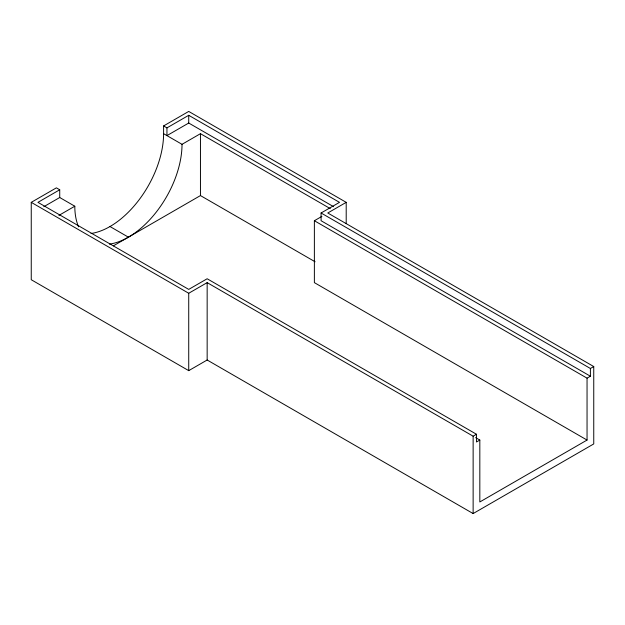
<?xml version="1.0" encoding="UTF-8"?>
<svg xmlns="http://www.w3.org/2000/svg" width="625" height="625" viewBox="0 0 625 625"><rect width="100%" height="100%" fill="white"/><g stroke="black" fill="none" stroke-linecap="round" stroke-linejoin="round"><path stroke-width="0.94" d="M346.203 223.633L346.203 202.352L327.773 212.992L593.75 366.547L593.75 443.93L473.133 513.57L207.156 360.008L188.727 370.648L31.25 279.727L31.25 202.352L56.383 187.844L59.727 189.773L59.727 197.516L43.812 206.703M91.039 233.477A75.812 43.773 -60 0 0 163.594 133.68L163.594 125.937L188.727 111.43L346.203 202.352M59.727 189.773L37.953 202.352L188.727 289.398L207.156 278.758L476.477 434.258L476.477 441.992L479.828 440.055L479.828 501.961L587.047 440.062L587.047 378.156L314.375 220.727L314.375 282.633L587.047 440.062M163.594 125.937L166.945 127.875L188.727 115.305L339.5 202.352L321.078 212.992L321.078 220.727L590.398 376.219L590.398 368.484L321.078 212.992M333.609 206.688L188.727 123.039L166.945 135.609L166.945 127.875M58.891 215.406L74.805 206.219A75.812 43.773 -60 0 0 78.57 226.836M109.469 244.117A75.812 43.773 -60 0 0 182.023 144.32L200.453 133.68L330.273 208.625M113.336 245.875L200.453 195.578L315.102 261.773M31.25 202.352L188.727 293.266L207.156 282.633L473.133 436.188L476.477 434.258M314.375 220.727L321.914 216.375M590.398 368.484L593.75 366.547M587.047 378.156L590.398 376.219M163.594 133.68L182.023 144.32M59.727 197.516L74.805 206.219M109.992 226.531L128.414 237.172M475.609 437.617L479.828 440.055M473.133 436.188L473.133 513.57M207.156 282.633L207.156 360.008M200.453 133.68L200.453 195.578M188.727 115.305L188.727 123.039M188.727 293.266L188.727 370.648"/></g></svg>
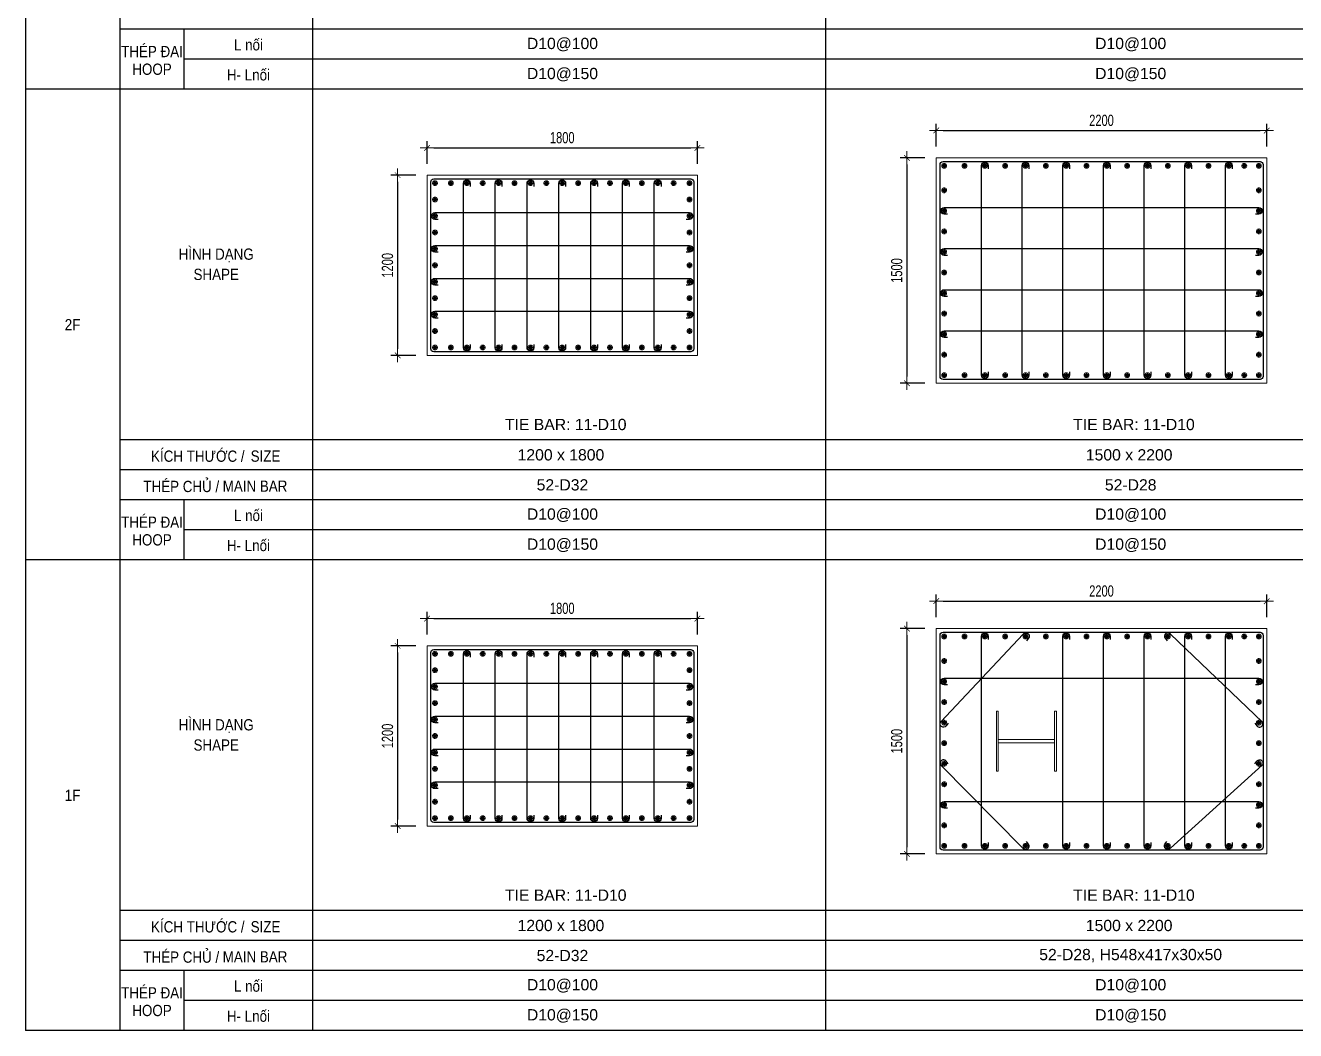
# Model space of a CAD drawing. Header units: millimetres. Extents: x 556513 to 603917, y 79551 to 95646.
# Drawn here: x 589265 to 597719, y 80143 to 86834 of the extents above; entities that cross this region are included whole.
import ezdxf
from ezdxf.enums import TextEntityAlignment as Align

# ---------------------------------------------------------------- set-up
doc = ezdxf.new("R2010")
doc.units = ezdxf.units.MM
doc.layers.get('Defpoints').update_dxf_attribs({"color": 151, "lineweight": 9})
doc.layers.add('2', color=2, linetype='Continuous')
doc.layers.add('TIT1', color=3, linetype='Continuous')
for name, color, linetype, lineweight in [('NDC_S_CONTINUOUS', 3, 'Continuous', 20), ('NDC_S_DIM', 1, 'Continuous', 15), ('NDC_S_REBAR', 4, 'Continuous', 35), ('NDC_S_VN TEXT', 7, 'Continuous', 20)]:
    doc.layers.add(name, color=color, linetype=linetype, lineweight=lineweight)
doc.styles.add('NDC_ARIAL', font='arial.ttf', dxfattribs={"width": 0.85})
doc.styles.add('NDC_DIM', font='', dxfattribs={"width": 0.75})
doc.styles.get('NDC_DIM').set_extended_font_data('Dotum')
doc.dimstyles.new('NDC_dim_30', dxfattribs={"dimscale": 30, "dimtxt": 2.5, "dimasz": 1.5, "dimexe": 1.5, "dimexo": 2.5, "dimgap": 1, "dimtad": 1, "dimdec": 0, "dimzin": 0, "dimdsep": 46, "dimtxsty": 'NDC_DIM', "dimblk": 'DIMMARK', "dimcen": 0.09, "dimdle": 1.2, "dimclrd": 1, "dimclre": 1, "dimclrt": 3, "dimadec": 0, "dimazin": 0, "dimtfac": 1, "dimtdec": 0, "dimtix": 1, "dimtofl": 0, "dimtmove": 0, "dimatfit": 3, "dimfxl": 8, "dimfxlon": 1, "dimtolj": 1, "dimtzin": 0, "dimarcsym": 0})

# ---------------------------------------------------------------- blocks, each defined once
blk = doc.blocks.new('DIMMARK')
at = {"layer": 'NDC_S_DIM', "color": 1}
blk.add_line((-1.5, 0), (1, 0), dxfattribs=at)
at = {"layer": 'NDC_S_DIM', "color": 2, "const_width": 0.1}
blk.add_lwpolyline([(-0.42, -0.42), (0.42, 0.42)], dxfattribs=at)
blk = doc.blocks.new('*D35')
at = {"layer": 'Defpoints', "color": 0, "ltscale": 40, "transparency": 16777216}
for p in [(593738.2, 82885.5), (591938.2, 82703.9), (593738.2, 82703.9)]:
    blk.add_point(p, dxfattribs=at)
at = {"layer": 'NDC_S_DIM', "color": 1, "lineweight": -2, "ltscale": 40, "transparency": 16777216}
for p, q in [((591938.2, 82778.9), (591938.2, 82930.5)), ((593738.2, 82778.9), (593738.2, 82930.5)), ((591983.2, 82885.5), (593693.2, 82885.5))]:
    blk.add_line(p, q, dxfattribs=at)
at = {"layer": 'NDC_S_DIM', "color": 1, "lineweight": -2, "ltscale": 40, "transparency": 16777216, "xscale": 45, "yscale": 45, "zscale": 45, "rotation": 180}
blk.add_blockref('DIMMARK', (591938.2, 82885.5), dxfattribs=at)
at = {"layer": 'NDC_S_DIM', "color": 1, "lineweight": -2, "ltscale": 40, "transparency": 16777216, "xscale": 45, "yscale": 45, "zscale": 45}
blk.add_blockref('DIMMARK', (593738.2, 82885.5), dxfattribs=at)
at = {"layer": 'NDC_S_DIM', "color": 3, "ltscale": 40, "transparency": 16777216, "insert": (592838.2, 82953.1), "char_height": 75, "attachment_point": 5, "style": 'NDC_DIM'}
blk.add_mtext('\\A1;1800', dxfattribs=at)
blk = doc.blocks.new('*D36')
at = {"layer": 'Defpoints', "color": 0, "ltscale": 40, "transparency": 16777216}
for p in [(591938.2, 82703.9), (591742.8, 81503.9), (591938.2, 81503.9)]:
    blk.add_point(p, dxfattribs=at)
at = {"layer": 'NDC_S_DIM', "color": 1, "lineweight": -2, "ltscale": 40, "transparency": 16777216}
for p, q in [((591863.2, 82703.9), (591697.8, 82703.9)), ((591742.8, 82658.9), (591742.8, 81548.9)), ((591863.2, 81503.9), (591697.8, 81503.9))]:
    blk.add_line(p, q, dxfattribs=at)
at = {"layer": 'NDC_S_DIM', "color": 1, "lineweight": -2, "ltscale": 40, "transparency": 16777216, "xscale": 45, "yscale": 45, "zscale": 45}
for p, rotation in [((591742.8, 82703.9), 90), ((591742.8, 81503.9), 270)]:
    blk.add_blockref('DIMMARK', p, dxfattribs=dict(at, rotation=rotation))
at = {"layer": 'NDC_S_DIM', "color": 3, "ltscale": 40, "transparency": 16777216, "insert": (591675.3, 82103.9), "char_height": 75, "attachment_point": 5, "rotation": 90, "style": 'NDC_DIM'}
blk.add_mtext('\\A1;1200', dxfattribs=at)
blk = doc.blocks.new('kata_block_THEP')
at = {"layer": 'NDC_S_REBAR', "color": 0}
for p, q in [((-0.5, 0), (0.5, 0)), ((-0.35, 0.35), (0.35, -0.35)), ((0.35, 0.35), (-0.35, -0.35)), ((0, 0.5), (0, -0.5))]:
    blk.add_line(p, q, dxfattribs=at)
at = {"layer": 'NDC_S_REBAR', "color": 0, "const_width": 0.0833}
blk.add_lwpolyline([(-0.5, 0, 1), (0.5, 0, 1), (-0.5, 0, 1)], format="xyb", dxfattribs=at)
blk = doc.blocks.new('*D37')
at = {"layer": 'Defpoints', "color": 0, "ltscale": 40, "transparency": 16777216}
for p in [(593738.2, 86018.2), (591938.2, 85836.7), (593738.2, 85836.7)]:
    blk.add_point(p, dxfattribs=at)
at = {"layer": 'NDC_S_DIM', "color": 1, "lineweight": -2, "ltscale": 40, "transparency": 16777216}
for p, q in [((591938.2, 85911.7), (591938.2, 86063.2)), ((593738.2, 85911.7), (593738.2, 86063.2)), ((591983.2, 86018.2), (593693.2, 86018.2))]:
    blk.add_line(p, q, dxfattribs=at)
at = {"layer": 'NDC_S_DIM', "color": 1, "lineweight": -2, "ltscale": 40, "transparency": 16777216, "xscale": 45, "yscale": 45, "zscale": 45, "rotation": 180}
blk.add_blockref('DIMMARK', (591938.2, 86018.2), dxfattribs=at)
at = {"layer": 'NDC_S_DIM', "color": 1, "lineweight": -2, "ltscale": 40, "transparency": 16777216, "xscale": 45, "yscale": 45, "zscale": 45}
blk.add_blockref('DIMMARK', (593738.2, 86018.2), dxfattribs=at)
at = {"layer": 'NDC_S_DIM', "color": 3, "ltscale": 40, "transparency": 16777216, "insert": (592838.2, 86085.8), "char_height": 75, "attachment_point": 5, "style": 'NDC_DIM'}
blk.add_mtext('\\A1;1800', dxfattribs=at)
blk = doc.blocks.new('*D38')
at = {"layer": 'Defpoints', "color": 0, "ltscale": 40, "transparency": 16777216}
for p in [(591938.2, 85836.7), (591742.8, 84636.7), (591938.2, 84636.7)]:
    blk.add_point(p, dxfattribs=at)
at = {"layer": 'NDC_S_DIM', "color": 1, "lineweight": -2, "ltscale": 40, "transparency": 16777216}
for p, q in [((591863.2, 85836.7), (591697.8, 85836.7)), ((591742.8, 85791.7), (591742.8, 84681.7)), ((591863.2, 84636.7), (591697.8, 84636.7))]:
    blk.add_line(p, q, dxfattribs=at)
at = {"layer": 'NDC_S_DIM', "color": 1, "lineweight": -2, "ltscale": 40, "transparency": 16777216, "xscale": 45, "yscale": 45, "zscale": 45}
for p, rotation in [((591742.8, 85836.7), 90), ((591742.8, 84636.7), 270)]:
    blk.add_blockref('DIMMARK', p, dxfattribs=dict(at, rotation=rotation))
at = {"layer": 'NDC_S_DIM', "color": 3, "ltscale": 40, "transparency": 16777216, "insert": (591675.3, 85236.7), "char_height": 75, "attachment_point": 5, "rotation": 90, "style": 'NDC_DIM'}
blk.add_mtext('\\A1;1200', dxfattribs=at)
blk = doc.blocks.new('*D39')
at = {"layer": 'Defpoints', "color": 0, "ltscale": 40, "transparency": 16777216}
for p in [(597527.2, 83000.9), (595327.2, 82819.3), (597527.2, 82819.3)]:
    blk.add_point(p, dxfattribs=at)
at = {"layer": 'NDC_S_DIM', "color": 1, "lineweight": -2, "ltscale": 40, "transparency": 16777216}
for p, q in [((595327.2, 82894.3), (595327.2, 83045.9)), ((597527.2, 82894.3), (597527.2, 83045.9)), ((595372.2, 83000.9), (597482.2, 83000.9))]:
    blk.add_line(p, q, dxfattribs=at)
at = {"layer": 'NDC_S_DIM', "color": 1, "lineweight": -2, "ltscale": 40, "transparency": 16777216, "xscale": 45, "yscale": 45, "zscale": 45, "rotation": 180}
blk.add_blockref('DIMMARK', (595327.2, 83000.9), dxfattribs=at)
at = {"layer": 'NDC_S_DIM', "color": 1, "lineweight": -2, "ltscale": 40, "transparency": 16777216, "xscale": 45, "yscale": 45, "zscale": 45}
blk.add_blockref('DIMMARK', (597527.2, 83000.9), dxfattribs=at)
at = {"layer": 'NDC_S_DIM', "color": 3, "ltscale": 40, "transparency": 16777216, "insert": (596427.2, 83068.4), "char_height": 75, "attachment_point": 5, "style": 'NDC_DIM'}
blk.add_mtext('\\A1;2200', dxfattribs=at)
blk = doc.blocks.new('*D40')
at = {"layer": 'Defpoints', "color": 0, "ltscale": 40, "transparency": 16777216}
for p in [(595327.2, 82819.3), (595131.9, 81319.3), (595327.2, 81319.3)]:
    blk.add_point(p, dxfattribs=at)
at = {"layer": 'NDC_S_DIM', "color": 1, "lineweight": -2, "ltscale": 40, "transparency": 16777216}
for p, q in [((595252.2, 82819.3), (595086.9, 82819.3)), ((595131.9, 82774.3), (595131.9, 81364.3)), ((595252.2, 81319.3), (595086.9, 81319.3))]:
    blk.add_line(p, q, dxfattribs=at)
at = {"layer": 'NDC_S_DIM', "color": 1, "lineweight": -2, "ltscale": 40, "transparency": 16777216, "xscale": 45, "yscale": 45, "zscale": 45}
for p, rotation in [((595131.9, 82819.3), 90), ((595131.9, 81319.3), 270)]:
    blk.add_blockref('DIMMARK', p, dxfattribs=dict(at, rotation=rotation))
at = {"layer": 'NDC_S_DIM', "color": 3, "ltscale": 40, "transparency": 16777216, "insert": (595064.3, 82069.3), "char_height": 75, "attachment_point": 5, "rotation": 90, "style": 'NDC_DIM'}
blk.add_mtext('\\A1;1500', dxfattribs=at)
blk = doc.blocks.new('*D49')
at = {"layer": 'Defpoints', "color": 0, "ltscale": 40, "transparency": 16777216}
for p in [(597527.2, 86133.6), (595327.2, 85952), (597527.2, 85952)]:
    blk.add_point(p, dxfattribs=at)
at = {"layer": 'NDC_S_DIM', "color": 1, "lineweight": -2, "ltscale": 40, "transparency": 16777216}
for p, q in [((595327.2, 86027), (595327.2, 86178.6)), ((597527.2, 86027), (597527.2, 86178.6)), ((595372.2, 86133.6), (597482.2, 86133.6))]:
    blk.add_line(p, q, dxfattribs=at)
at = {"layer": 'NDC_S_DIM', "color": 1, "lineweight": -2, "ltscale": 40, "transparency": 16777216, "xscale": 45, "yscale": 45, "zscale": 45, "rotation": 180}
blk.add_blockref('DIMMARK', (595327.2, 86133.6), dxfattribs=at)
at = {"layer": 'NDC_S_DIM', "color": 1, "lineweight": -2, "ltscale": 40, "transparency": 16777216, "xscale": 45, "yscale": 45, "zscale": 45}
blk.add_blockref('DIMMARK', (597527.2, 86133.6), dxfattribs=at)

* [Problem description]: Copy each line from the data above that includes "name".

* [Answer to this exercise]:
for name, color, linetype, lineweight in [('NDC_S_CONTINUOUS', 3, 'Continuous', 20), ('NDC_S_DIM', 1, 'Continuous', 15), ('NDC_S_REBAR', 4, 'Continuous', 35), ('NDC_S_VN TEXT', 7, 'Continuous', 20)]:
    doc.layers.add(name, color=color, linetype=linetype, lineweight=lineweight)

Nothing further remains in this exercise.